Exercise details: Restate verbatim the span of lines below between the line with "#135=EDGE_CURVE('E62',#134,#134,#132,.T.);" and the line with "#144=DIRECTION('',(0.,-1.,0.));", including those two lines, and only that span.

Task data:
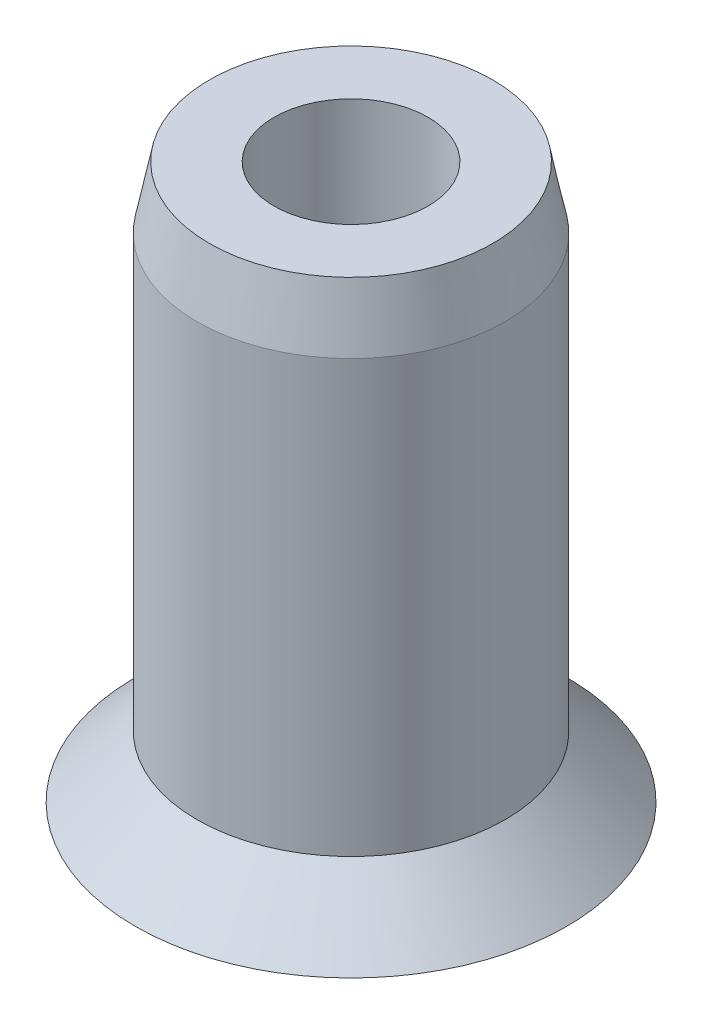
ISO-10303-21;
HEADER;
FILE_DESCRIPTION(('STEP AP214'),'2;1');
FILE_NAME('part.step','',(''),(''),'','','');
FILE_SCHEMA(('AUTOMOTIVE_DESIGN { 1 0 10303 214 1 1 1 1 }'));
ENDSEC;
DATA;
#1=APPLICATION_CONTEXT('core data for automotive mechanical design processes');
#2=APPLICATION_PROTOCOL_DEFINITION('international standard','automotive_design',2000,#1);
#3=PRODUCT_CONTEXT('',#1,'mechanical');
#4=PRODUCT('Part','Part','',(#3));
#5=PRODUCT_RELATED_PRODUCT_CATEGORY('part','',(#4));
#6=PRODUCT_DEFINITION_FORMATION('','',#4);
#7=PRODUCT_DEFINITION_CONTEXT('part definition',#1,'design');
#8=PRODUCT_DEFINITION('design','',#6,#7);
#9=PRODUCT_DEFINITION_SHAPE('','',#8);
#10=(LENGTH_UNIT() NAMED_UNIT(*) SI_UNIT(.MILLI.,.METRE.));
#11=(NAMED_UNIT(*) PLANE_ANGLE_UNIT() SI_UNIT($,.RADIAN.));
#12=(NAMED_UNIT(*) SI_UNIT($,.STERADIAN.) SOLID_ANGLE_UNIT());
#13=UNCERTAINTY_MEASURE_WITH_UNIT(LENGTH_MEASURE(1.E-05),#10,'distance_accuracy_value','');
#14=(GEOMETRIC_REPRESENTATION_CONTEXT(3) GLOBAL_UNCERTAINTY_ASSIGNED_CONTEXT((#13)) GLOBAL_UNIT_ASSIGNED_CONTEXT((#10,
#11,#12)) REPRESENTATION_CONTEXT('',''));
#15=CARTESIAN_POINT('',(0.,0.,0.));
#16=DIRECTION('',(0.,0.,1.));
#17=DIRECTION('',(1.,0.,0.));
#18=AXIS2_PLACEMENT_3D('',#15,#16,#17);
#19=CARTESIAN_POINT('',(-7.84142135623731,0.,0.));
#20=DIRECTION('',(0.,1.,0.));
#21=DIRECTION('',(0.,0.,1.));
#22=AXIS2_PLACEMENT_3D('',#19,#20,#21);
#23=PLANE('',#22);
#24=CARTESIAN_POINT('',(0.,0.,0.));
#25=DIRECTION('',(0.,1.,0.));
#26=DIRECTION('',(0.,0.,1.));
#27=AXIS2_PLACEMENT_3D('',#24,#25,#26);
#28=CIRCLE('',#27,3.5);
#29=CARTESIAN_POINT('',(0.,0.,3.5));
#30=VERTEX_POINT('',#29);
#31=EDGE_CURVE('E44',#30,#30,#28,.T.);
#32=ORIENTED_EDGE('',*,*,#31,.F.);
#33=EDGE_LOOP('',(#32));
#34=FACE_BOUND('',#33,.T.);
#35=CARTESIAN_POINT('',(0.,0.,0.));
#36=DIRECTION('',(0.,1.,0.));
#37=DIRECTION('',(0.,0.,1.));
#38=AXIS2_PLACEMENT_3D('',#35,#36,#37);
#39=CIRCLE('',#38,1.6);
#40=CARTESIAN_POINT('',(0.,0.,1.6));
#41=VERTEX_POINT('',#40);
#42=EDGE_CURVE('E54',#41,#41,#39,.T.);
#43=ORIENTED_EDGE('',*,*,#42,.T.);
#44=EDGE_LOOP('',(#43));
#45=FACE_BOUND('',#44,.T.);
#46=ADVANCED_FACE('F33',(#34,#45),#23,.F.);
#47=CARTESIAN_POINT('',(0.,9.,0.));
#48=DIRECTION('',(0.,-1.,0.));
#49=DIRECTION('',(0.,0.,-1.));
#50=AXIS2_PLACEMENT_3D('',#47,#48,#49);
#51=CYLINDRICAL_SURFACE('',#50,2.5);
#52=CARTESIAN_POINT('',(0.,7.99999999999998,0.));
#53=DIRECTION('',(0.,1.,0.));
#54=DIRECTION('',(0.,0.,1.));
#55=AXIS2_PLACEMENT_3D('',#52,#53,#54);
#56=CIRCLE('',#55,2.5);
#57=CARTESIAN_POINT('',(0.,7.99999999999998,2.5));
#58=VERTEX_POINT('',#57);
#59=EDGE_CURVE('E10',#58,#58,#56,.F.);
#60=ORIENTED_EDGE('',*,*,#59,.T.);
#61=EDGE_LOOP('',(#60));
#62=FACE_BOUND('',#61,.T.);
#63=CARTESIAN_POINT('',(0.,0.999999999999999,0.));
#64=DIRECTION('',(0.,1.,0.));
#65=DIRECTION('',(0.,0.,1.));
#66=AXIS2_PLACEMENT_3D('',#63,#64,#65);
#67=CIRCLE('',#66,2.5);
#68=CARTESIAN_POINT('',(0.,0.999999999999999,2.5));
#69=VERTEX_POINT('',#68);
#70=EDGE_CURVE('E48',#69,#69,#67,.F.);
#71=ORIENTED_EDGE('',*,*,#70,.F.);
#72=EDGE_LOOP('',(#71));
#73=FACE_BOUND('',#72,.T.);
#74=ADVANCED_FACE('F82',(#62,#73),#51,.T.);
#75=CARTESIAN_POINT('',(0.,9.,0.));
#76=DIRECTION('',(0.,1.,0.));
#77=DIRECTION('',(0.,0.,1.));
#78=AXIS2_PLACEMENT_3D('',#75,#76,#77);
#79=PLANE('',#78);
#80=CARTESIAN_POINT('',(0.,9.,0.));
#81=DIRECTION('',(0.,1.,0.));
#82=DIRECTION('',(0.,0.,1.));
#83=AXIS2_PLACEMENT_3D('',#80,#81,#82);
#84=CIRCLE('',#83,2.3);
#85=CARTESIAN_POINT('',(0.,9.,2.3));
#86=VERTEX_POINT('',#85);
#87=EDGE_CURVE('E40',#86,#86,#84,.T.);
#88=ORIENTED_EDGE('',*,*,#87,.T.);
#89=EDGE_LOOP('',(#88));
#90=FACE_BOUND('',#89,.T.);
#91=CARTESIAN_POINT('',(0.,9.,0.));
#92=DIRECTION('',(0.,-1.,0.));
#93=DIRECTION('',(0.,0.,-1.));
#94=AXIS2_PLACEMENT_3D('',#91,#92,#93);
#95=CIRCLE('',#94,1.25);
#96=CARTESIAN_POINT('',(0.,9.,-1.25));
#97=VERTEX_POINT('',#96);
#98=EDGE_CURVE('E57',#97,#97,#95,.T.);
#99=ORIENTED_EDGE('',*,*,#98,.T.);
#100=EDGE_LOOP('',(#99));
#101=FACE_BOUND('',#100,.T.);
#102=ADVANCED_FACE('F77',(#90,#101),#79,.T.);
#103=CARTESIAN_POINT('',(0.,4.,0.));
#104=DIRECTION('',(0.,-1.,0.));
#105=DIRECTION('',(0.,0.,-1.));
#106=AXIS2_PLACEMENT_3D('',#103,#104,#105);
#107=CYLINDRICAL_SURFACE('',#106,1.6);
#108=CARTESIAN_POINT('',(0.,4.,0.));
#109=DIRECTION('',(0.,1.,0.));
#110=DIRECTION('',(0.,0.,1.));
#111=AXIS2_PLACEMENT_3D('',#108,#109,#110);
#112=CIRCLE('',#111,1.6);
#113=CARTESIAN_POINT('',(0.,4.,1.6));
#114=VERTEX_POINT('',#113);
#115=EDGE_CURVE('E53',#114,#114,#112,.T.);
#116=ORIENTED_EDGE('',*,*,#115,.T.);
#117=EDGE_LOOP('',(#116));
#118=FACE_BOUND('',#117,.T.);
#119=ORIENTED_EDGE('',*,*,#42,.F.);
#120=EDGE_LOOP('',(#119));
#121=FACE_BOUND('',#120,.T.);
#122=ADVANCED_FACE('F71',(#118,#121),#107,.F.);
#123=CARTESIAN_POINT('',(-7.84142135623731,4.,0.));
#124=DIRECTION('',(0.,1.,0.));
#125=DIRECTION('',(0.,0.,1.));
#126=AXIS2_PLACEMENT_3D('',#123,#124,#125);
#127=PLANE('',#126);
#128=CARTESIAN_POINT('',(0.,4.,0.));
#129=DIRECTION('',(0.,-1.,0.));
#130=DIRECTION('',(0.,0.,-1.));
#131=AXIS2_PLACEMENT_3D('',#128,#129,#130);
#132=CIRCLE('',#131,1.25);
#133=CARTESIAN_POINT('',(0.,4.,-1.25));
#134=VERTEX_POINT('',#133);
#135=EDGE_CURVE('E62',#134,#134,#132,.T.);
#136=ORIENTED_EDGE('',*,*,#135,.F.);
#137=EDGE_LOOP('',(#136));
#138=FACE_BOUND('',#137,.T.);
#139=ORIENTED_EDGE('',*,*,#115,.F.);
#140=EDGE_LOOP('',(#139));
#141=FACE_BOUND('',#140,.T.);
#142=ADVANCED_FACE('F68',(#138,#141),#127,.F.);
#143=CARTESIAN_POINT('',(0.,4.,0.));
#144=DIRECTION('',(0.,-1.,0.));
#145=DIRECTION('',(0.,0.,-1.));
#146=AXIS2_PLACEMENT_3D('',#143,#144,#145);
#147=CYLINDRICAL_SURFACE('',#146,1.25);
#148=ORIENTED_EDGE('',*,*,#98,.F.);
#149=EDGE_LOOP('',(#148));
#150=FACE_BOUND('',#149,.T.);
#151=ORIENTED_EDGE('',*,*,#135,.T.);
#152=EDGE_LOOP('',(#151));
#153=FACE_BOUND('',#152,.T.);
#154=ADVANCED_FACE('F66',(#150,#153),#147,.F.);
#155=CARTESIAN_POINT('',(0.,9.,0.));
#156=DIRECTION('',(0.,-1.,0.));
#157=DIRECTION('',(0.,0.,-1.));
#158=AXIS2_PLACEMENT_3D('',#155,#156,#157);
#159=CONICAL_SURFACE('',#158,2.3,0.197395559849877);
#160=ORIENTED_EDGE('',*,*,#59,.F.);
#161=EDGE_LOOP('',(#160));
#162=FACE_BOUND('',#161,.T.);
#163=ORIENTED_EDGE('',*,*,#87,.F.);
#164=EDGE_LOOP('',(#163));
#165=FACE_BOUND('',#164,.T.);
#166=ADVANCED_FACE('F91',(#162,#165),#159,.T.);
#167=CARTESIAN_POINT('',(0.,1.,0.));
#168=DIRECTION('',(0.,-1.,0.));
#169=DIRECTION('',(0.,0.,-1.));
#170=AXIS2_PLACEMENT_3D('',#167,#168,#169);
#171=CONICAL_SURFACE('',#170,2.5,0.785398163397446);
#172=ORIENTED_EDGE('',*,*,#31,.T.);
#173=EDGE_LOOP('',(#172));
#174=FACE_BOUND('',#173,.T.);
#175=ORIENTED_EDGE('',*,*,#70,.T.);
#176=EDGE_LOOP('',(#175));
#177=FACE_BOUND('',#176,.T.);
#178=ADVANCED_FACE('F35',(#174,#177),#171,.T.);
#179=CLOSED_SHELL('',(#46,#74,#102,#122,#142,#154,#166,#178));
#180=MANIFOLD_SOLID_BREP('B2',#179);
#181=ADVANCED_BREP_SHAPE_REPRESENTATION('',(#18,#180),#14);
#182=SHAPE_DEFINITION_REPRESENTATION(#9,#181);
ENDSEC;
END-ISO-10303-21;

Answer to this exercise:
#135=EDGE_CURVE('E62',#134,#134,#132,.T.);
#136=ORIENTED_EDGE('',*,*,#135,.F.);
#137=EDGE_LOOP('',(#136));
#138=FACE_BOUND('',#137,.T.);
#139=ORIENTED_EDGE('',*,*,#115,.F.);
#140=EDGE_LOOP('',(#139));
#141=FACE_BOUND('',#140,.T.);
#142=ADVANCED_FACE('F68',(#138,#141),#127,.F.);
#143=CARTESIAN_POINT('',(0.,4.,0.));
#144=DIRECTION('',(0.,-1.,0.));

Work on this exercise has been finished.